→ EXERCISE: Retype the lines from the first one in the records down to the line containing "#11=(NAMED_UNIT(*) PLANE_ANGLE_UNIT() SI_UNIT($,.RADIAN.));", counting both, and leave out any pictures.

→ DATASET EXCERPTS:

******

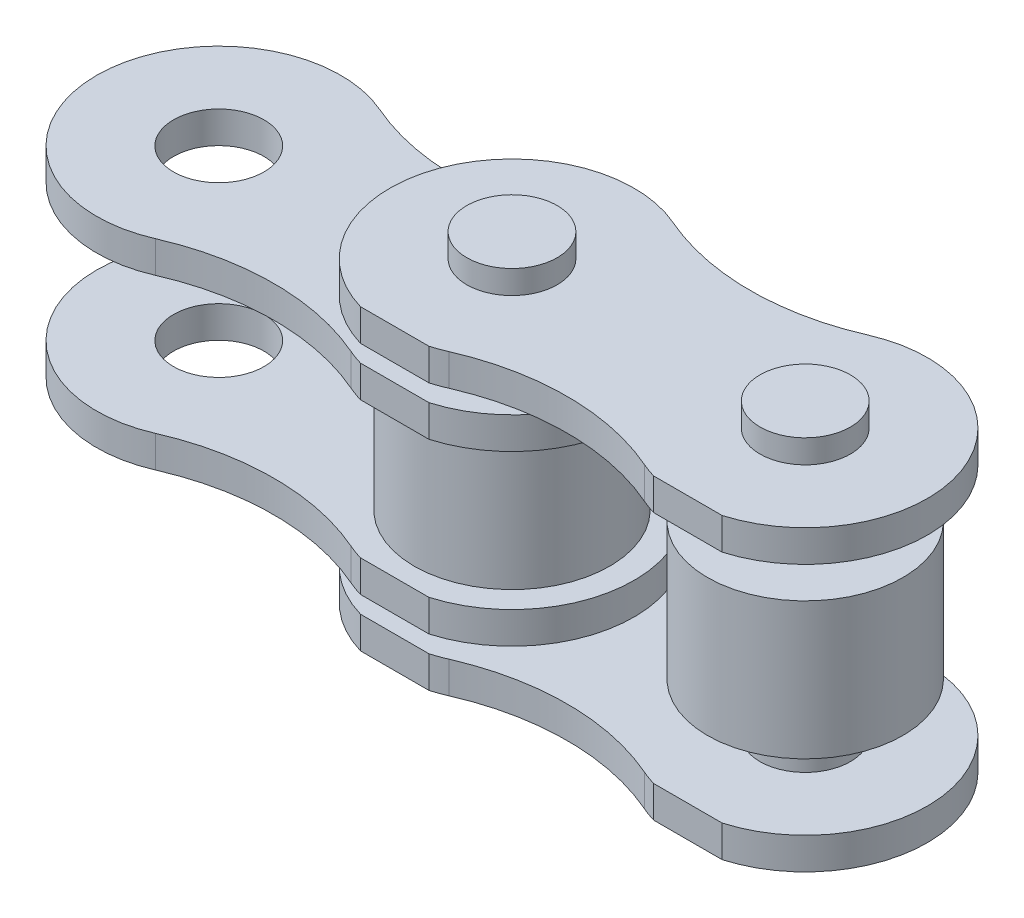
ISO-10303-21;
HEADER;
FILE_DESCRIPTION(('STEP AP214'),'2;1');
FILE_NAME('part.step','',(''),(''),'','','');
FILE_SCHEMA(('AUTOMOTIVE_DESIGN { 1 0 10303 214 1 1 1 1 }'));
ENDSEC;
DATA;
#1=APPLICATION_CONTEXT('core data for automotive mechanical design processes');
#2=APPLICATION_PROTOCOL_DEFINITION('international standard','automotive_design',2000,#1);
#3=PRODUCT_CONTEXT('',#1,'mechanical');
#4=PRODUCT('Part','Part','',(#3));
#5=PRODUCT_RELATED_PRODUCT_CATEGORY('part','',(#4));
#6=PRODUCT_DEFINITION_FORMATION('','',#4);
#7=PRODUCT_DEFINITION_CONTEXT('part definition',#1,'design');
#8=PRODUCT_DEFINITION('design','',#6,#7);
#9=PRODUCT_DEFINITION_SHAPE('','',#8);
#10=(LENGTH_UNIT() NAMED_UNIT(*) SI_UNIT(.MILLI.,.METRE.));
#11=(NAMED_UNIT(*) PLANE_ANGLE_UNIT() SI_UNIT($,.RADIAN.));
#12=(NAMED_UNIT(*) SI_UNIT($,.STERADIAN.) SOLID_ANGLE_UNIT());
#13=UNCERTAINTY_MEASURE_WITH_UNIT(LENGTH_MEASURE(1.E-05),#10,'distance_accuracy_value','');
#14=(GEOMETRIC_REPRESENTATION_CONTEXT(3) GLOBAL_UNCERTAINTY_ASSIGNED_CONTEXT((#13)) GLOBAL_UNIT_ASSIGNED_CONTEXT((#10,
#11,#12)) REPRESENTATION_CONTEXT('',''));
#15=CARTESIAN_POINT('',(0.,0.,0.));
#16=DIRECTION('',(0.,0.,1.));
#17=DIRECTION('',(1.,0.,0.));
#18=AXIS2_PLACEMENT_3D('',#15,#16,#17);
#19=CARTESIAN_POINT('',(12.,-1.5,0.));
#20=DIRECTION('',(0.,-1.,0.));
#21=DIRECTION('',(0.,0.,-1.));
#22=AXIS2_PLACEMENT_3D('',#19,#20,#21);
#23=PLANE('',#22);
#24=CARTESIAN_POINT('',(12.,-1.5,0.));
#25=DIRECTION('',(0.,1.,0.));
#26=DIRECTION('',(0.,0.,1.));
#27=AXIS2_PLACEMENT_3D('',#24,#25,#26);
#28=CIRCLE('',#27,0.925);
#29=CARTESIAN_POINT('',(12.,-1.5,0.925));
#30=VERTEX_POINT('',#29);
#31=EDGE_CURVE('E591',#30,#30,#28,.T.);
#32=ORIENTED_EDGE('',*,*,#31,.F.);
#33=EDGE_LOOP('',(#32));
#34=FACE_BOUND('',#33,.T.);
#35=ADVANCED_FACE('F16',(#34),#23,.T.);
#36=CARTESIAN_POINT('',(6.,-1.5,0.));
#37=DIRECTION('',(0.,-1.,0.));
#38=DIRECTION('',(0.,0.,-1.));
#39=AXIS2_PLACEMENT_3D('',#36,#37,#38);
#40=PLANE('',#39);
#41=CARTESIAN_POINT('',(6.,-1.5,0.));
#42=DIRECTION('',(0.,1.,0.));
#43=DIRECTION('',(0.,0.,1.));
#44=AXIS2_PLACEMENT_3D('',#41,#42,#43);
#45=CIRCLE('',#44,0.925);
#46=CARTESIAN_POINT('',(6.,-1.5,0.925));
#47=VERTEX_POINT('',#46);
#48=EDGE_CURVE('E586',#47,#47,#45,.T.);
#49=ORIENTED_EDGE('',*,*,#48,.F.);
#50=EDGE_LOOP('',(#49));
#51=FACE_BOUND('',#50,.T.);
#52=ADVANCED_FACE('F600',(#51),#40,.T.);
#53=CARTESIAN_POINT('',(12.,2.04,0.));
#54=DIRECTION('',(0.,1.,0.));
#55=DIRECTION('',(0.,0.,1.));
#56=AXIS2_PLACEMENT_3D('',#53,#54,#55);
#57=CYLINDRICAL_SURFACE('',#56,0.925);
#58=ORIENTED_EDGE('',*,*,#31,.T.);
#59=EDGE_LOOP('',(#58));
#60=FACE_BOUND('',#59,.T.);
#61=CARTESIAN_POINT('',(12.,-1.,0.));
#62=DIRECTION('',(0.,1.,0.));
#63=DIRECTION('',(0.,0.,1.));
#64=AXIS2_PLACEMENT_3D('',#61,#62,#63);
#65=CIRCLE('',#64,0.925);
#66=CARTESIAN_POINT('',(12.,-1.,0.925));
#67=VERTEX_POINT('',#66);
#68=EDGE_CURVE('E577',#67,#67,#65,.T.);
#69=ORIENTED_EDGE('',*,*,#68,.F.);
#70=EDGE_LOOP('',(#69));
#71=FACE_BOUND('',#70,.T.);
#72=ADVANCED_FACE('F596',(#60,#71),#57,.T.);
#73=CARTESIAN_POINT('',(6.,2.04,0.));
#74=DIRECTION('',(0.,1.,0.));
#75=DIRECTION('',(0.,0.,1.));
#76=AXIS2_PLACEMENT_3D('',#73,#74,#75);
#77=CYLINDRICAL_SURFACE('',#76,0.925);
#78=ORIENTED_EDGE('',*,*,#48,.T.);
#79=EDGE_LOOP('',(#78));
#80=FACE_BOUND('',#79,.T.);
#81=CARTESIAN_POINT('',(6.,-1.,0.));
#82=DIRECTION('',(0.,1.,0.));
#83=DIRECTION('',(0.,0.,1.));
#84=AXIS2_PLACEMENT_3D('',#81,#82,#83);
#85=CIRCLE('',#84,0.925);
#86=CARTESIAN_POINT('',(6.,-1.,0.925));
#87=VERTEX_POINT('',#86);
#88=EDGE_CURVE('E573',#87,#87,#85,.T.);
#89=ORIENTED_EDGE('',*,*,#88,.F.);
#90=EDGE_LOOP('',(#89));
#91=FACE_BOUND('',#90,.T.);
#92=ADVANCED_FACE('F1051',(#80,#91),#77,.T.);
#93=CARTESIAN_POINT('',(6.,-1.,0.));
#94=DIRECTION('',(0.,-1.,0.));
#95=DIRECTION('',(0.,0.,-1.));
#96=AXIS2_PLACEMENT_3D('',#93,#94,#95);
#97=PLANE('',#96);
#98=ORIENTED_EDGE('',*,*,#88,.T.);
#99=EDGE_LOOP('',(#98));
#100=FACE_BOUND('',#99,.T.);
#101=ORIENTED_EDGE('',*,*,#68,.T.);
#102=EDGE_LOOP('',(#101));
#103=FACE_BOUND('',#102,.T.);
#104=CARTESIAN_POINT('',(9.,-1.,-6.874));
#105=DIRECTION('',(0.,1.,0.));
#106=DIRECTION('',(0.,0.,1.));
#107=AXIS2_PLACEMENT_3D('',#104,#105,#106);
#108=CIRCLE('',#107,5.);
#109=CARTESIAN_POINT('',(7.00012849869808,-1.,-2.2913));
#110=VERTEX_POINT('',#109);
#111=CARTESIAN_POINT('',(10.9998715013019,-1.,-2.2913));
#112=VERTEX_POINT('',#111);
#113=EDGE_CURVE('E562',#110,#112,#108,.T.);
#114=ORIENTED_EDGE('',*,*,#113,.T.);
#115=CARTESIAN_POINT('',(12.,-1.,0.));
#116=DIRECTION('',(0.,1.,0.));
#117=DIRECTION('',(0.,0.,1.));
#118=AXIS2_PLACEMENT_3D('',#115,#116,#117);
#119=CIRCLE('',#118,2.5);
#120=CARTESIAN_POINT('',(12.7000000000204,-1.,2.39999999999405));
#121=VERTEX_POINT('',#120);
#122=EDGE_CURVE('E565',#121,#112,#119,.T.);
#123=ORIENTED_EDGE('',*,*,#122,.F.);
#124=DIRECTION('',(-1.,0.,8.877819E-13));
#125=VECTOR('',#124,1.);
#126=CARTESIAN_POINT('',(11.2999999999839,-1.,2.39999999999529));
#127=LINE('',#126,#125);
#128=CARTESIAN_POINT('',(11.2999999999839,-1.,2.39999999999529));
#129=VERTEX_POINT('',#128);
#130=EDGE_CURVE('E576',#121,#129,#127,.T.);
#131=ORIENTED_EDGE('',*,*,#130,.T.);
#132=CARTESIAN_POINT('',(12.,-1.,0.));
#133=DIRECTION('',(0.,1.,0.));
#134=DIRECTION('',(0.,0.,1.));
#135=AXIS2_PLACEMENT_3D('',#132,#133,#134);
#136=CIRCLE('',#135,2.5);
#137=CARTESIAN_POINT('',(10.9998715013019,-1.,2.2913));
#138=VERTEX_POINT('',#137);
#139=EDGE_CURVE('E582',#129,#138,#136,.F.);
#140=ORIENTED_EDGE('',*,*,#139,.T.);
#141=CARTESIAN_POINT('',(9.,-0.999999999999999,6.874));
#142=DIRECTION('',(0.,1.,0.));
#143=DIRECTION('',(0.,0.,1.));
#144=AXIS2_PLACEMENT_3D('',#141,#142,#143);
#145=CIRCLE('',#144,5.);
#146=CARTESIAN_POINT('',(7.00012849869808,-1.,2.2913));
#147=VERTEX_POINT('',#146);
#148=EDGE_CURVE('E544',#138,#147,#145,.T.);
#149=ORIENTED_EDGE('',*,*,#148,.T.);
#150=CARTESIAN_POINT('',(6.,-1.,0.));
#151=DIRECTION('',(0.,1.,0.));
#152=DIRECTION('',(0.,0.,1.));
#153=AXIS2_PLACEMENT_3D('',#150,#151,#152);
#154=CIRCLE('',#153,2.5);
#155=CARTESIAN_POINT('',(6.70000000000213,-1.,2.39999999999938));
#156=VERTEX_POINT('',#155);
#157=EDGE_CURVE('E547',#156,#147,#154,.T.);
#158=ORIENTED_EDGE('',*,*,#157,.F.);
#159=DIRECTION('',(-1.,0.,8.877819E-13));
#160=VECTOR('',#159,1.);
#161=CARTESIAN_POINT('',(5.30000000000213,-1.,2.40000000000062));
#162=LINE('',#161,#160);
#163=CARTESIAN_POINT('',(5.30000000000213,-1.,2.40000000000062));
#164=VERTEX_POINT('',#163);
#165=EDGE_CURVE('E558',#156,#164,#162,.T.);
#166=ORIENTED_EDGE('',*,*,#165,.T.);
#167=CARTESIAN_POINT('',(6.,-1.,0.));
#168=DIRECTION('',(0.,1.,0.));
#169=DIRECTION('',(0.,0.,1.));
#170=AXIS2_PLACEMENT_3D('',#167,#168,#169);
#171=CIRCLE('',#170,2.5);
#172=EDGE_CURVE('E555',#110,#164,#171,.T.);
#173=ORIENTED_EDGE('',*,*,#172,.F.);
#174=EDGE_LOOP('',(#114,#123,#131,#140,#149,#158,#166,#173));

******

→ RESPONSE BELOW:
ISO-10303-21;
HEADER;
FILE_DESCRIPTION(('STEP AP214'),'2;1');
FILE_NAME('part.step','',(''),(''),'','','');
FILE_SCHEMA(('AUTOMOTIVE_DESIGN { 1 0 10303 214 1 1 1 1 }'));
ENDSEC;
DATA;
#1=APPLICATION_CONTEXT('core data for automotive mechanical design processes');
#2=APPLICATION_PROTOCOL_DEFINITION('international standard','automotive_design',2000,#1);
#3=PRODUCT_CONTEXT('',#1,'mechanical');
#4=PRODUCT('Part','Part','',(#3));
#5=PRODUCT_RELATED_PRODUCT_CATEGORY('part','',(#4));
#6=PRODUCT_DEFINITION_FORMATION('','',#4);
#7=PRODUCT_DEFINITION_CONTEXT('part definition',#1,'design');
#8=PRODUCT_DEFINITION('design','',#6,#7);
#9=PRODUCT_DEFINITION_SHAPE('','',#8);
#10=(LENGTH_UNIT() NAMED_UNIT(*) SI_UNIT(.MILLI.,.METRE.));
#11=(NAMED_UNIT(*) PLANE_ANGLE_UNIT() SI_UNIT($,.RADIAN.));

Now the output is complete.